## Directions
Write out a word-for-word repetition of the lines that come before the line containing "# Sketch5 →" in the listing below, along with that line itself, omitting pictures.

★ ★ ★ ★ ★ ★ ★

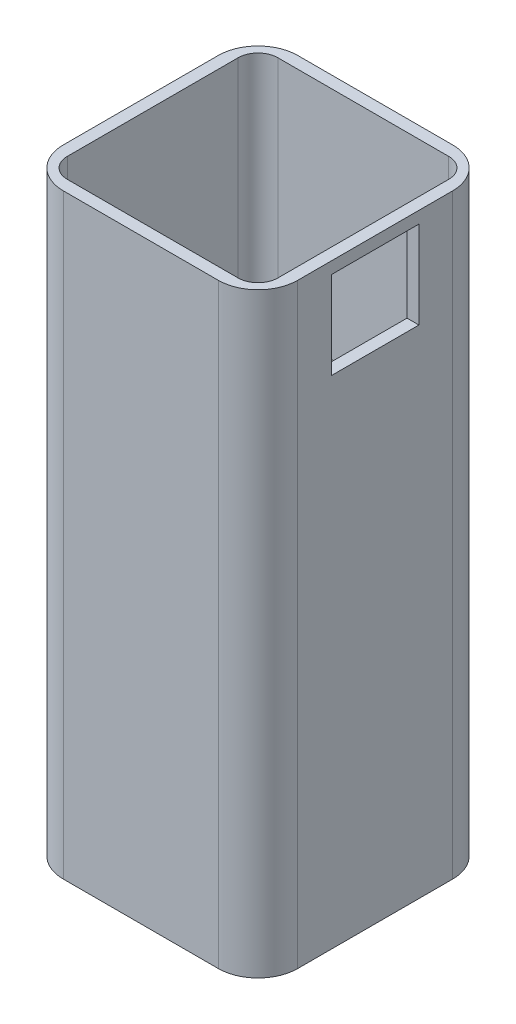
from build123d import *

# Parameters (mm, degrees)
SKETCH1_W           = 59
SKETCH1_H           = 59
SKETCH1_W_2         = 53
SKETCH1_H_2         = 53
BOSS_EXTRUDE1_DEPTH = 150
FILLET1_R           = 10
FILLET2_R           = 5
SKETCH3_W           = 22
SKETCH3_H           = 22
CUT_EXTRUDE2_DEPTH  = 3
CUT_EXTRUDE4_REACH  = 165.864
SKETCH5_W           = 22
SKETCH5_H           = 22


with BuildPart() as part:
    # Sketch1 → Boss-Extrude1 (new body)
    with BuildSketch(Plane(origin=(0, 0, 0), x_dir=(1, 0, 0), z_dir=(0, 1, 0))):
        Rectangle(SKETCH1_W, SKETCH1_H)
        Rectangle(SKETCH1_W_2, SKETCH1_H_2, mode=Mode.SUBTRACT)
    extrude(amount=BOSS_EXTRUDE1_DEPTH)

    # Fillet1
    fillet1_edges = [part.edges().sort_by_distance(p)[0] for p in [
        (29.5, 75, 29.5),
        (-29.5, 75, 29.5),
        (-29.5, 75, -29.5),
        (29.5, 75, -29.5),
    ]]
    fillet(fillet1_edges, radius=FILLET1_R)

    # Fillet2
    fillet2_edges = [part.edges().sort_by_distance(p)[0] for p in [
        (26.5, 75, 26.5),
        (26.5, 75, -26.5),
        (-26.5, 75, -26.5),
        (-26.5, 75, 26.5),
    ]]
    fillet(fillet2_edges, radius=FILLET2_R)

    # Sketch3 → Cut-Extrude2 (cut)
    with BuildSketch(Plane(origin=(0, 0, -29.5), x_dir=(-1, 0, 0), z_dir=(0, 0, -1))):
        with Locations((0, 80)):
            Rectangle(SKETCH3_W, SKETCH3_H)
    extrude(amount=-CUT_EXTRUDE2_DEPTH, mode=Mode.SUBTRACT)

    # Sketch5 → Cut-Extrude4 (cut, up to next)
    with BuildSketch(Plane(origin=(29.5, 0, 0), x_dir=(0, 0, -1), z_dir=(1, 0, 0)), mode=Mode.PRIVATE) as cut_extrude4_sk1:
        with Locations((0, 136)):
            Rectangle(SKETCH5_W, SKETCH5_H)
    cut_extrude4_tool1 = extrude(cut_extrude4_sk1.sketch, amount=-CUT_EXTRUDE4_REACH, mode=Mode.PRIVATE) & part.part
    add(cut_extrude4_tool1.solids().sort_by_distance((29.5, 136, 0))[0], mode=Mode.SUBTRACT)


solid = part.part

★ ★ ★ ★ ★ ★ ★

## Final answer
from build123d import *

# Parameters (mm, degrees)
SKETCH1_W           = 59
SKETCH1_H           = 59
SKETCH1_W_2         = 53
SKETCH1_H_2         = 53
BOSS_EXTRUDE1_DEPTH = 150
FILLET1_R           = 10
FILLET2_R           = 5
SKETCH3_W           = 22
SKETCH3_H           = 22
CUT_EXTRUDE2_DEPTH  = 3
CUT_EXTRUDE4_REACH  = 165.864
SKETCH5_W           = 22
SKETCH5_H           = 22


with BuildPart() as part:
    # Sketch1 → Boss-Extrude1 (new body)
    with BuildSketch(Plane(origin=(0, 0, 0), x_dir=(1, 0, 0), z_dir=(0, 1, 0))):
        Rectangle(SKETCH1_W, SKETCH1_H)
        Rectangle(SKETCH1_W_2, SKETCH1_H_2, mode=Mode.SUBTRACT)
    extrude(amount=BOSS_EXTRUDE1_DEPTH)

    # Fillet1
    fillet1_edges = [part.edges().sort_by_distance(p)[0] for p in [
        (29.5, 75, 29.5),
        (-29.5, 75, 29.5),
        (-29.5, 75, -29.5),
        (29.5, 75, -29.5),
    ]]
    fillet(fillet1_edges, radius=FILLET1_R)

    # Fillet2
    fillet2_edges = [part.edges().sort_by_distance(p)[0] for p in [
        (26.5, 75, 26.5),
        (26.5, 75, -26.5),
        (-26.5, 75, -26.5),
        (-26.5, 75, 26.5),
    ]]
    fillet(fillet2_edges, radius=FILLET2_R)

    # Sketch3 → Cut-Extrude2 (cut)
    with BuildSketch(Plane(origin=(0, 0, -29.5), x_dir=(-1, 0, 0), z_dir=(0, 0, -1))):
        with Locations((0, 80)):
            Rectangle(SKETCH3_W, SKETCH3_H)
    extrude(amount=-CUT_EXTRUDE2_DEPTH, mode=Mode.SUBTRACT)

    # Sketch5 → Cut-Extrude4 (cut, up to next)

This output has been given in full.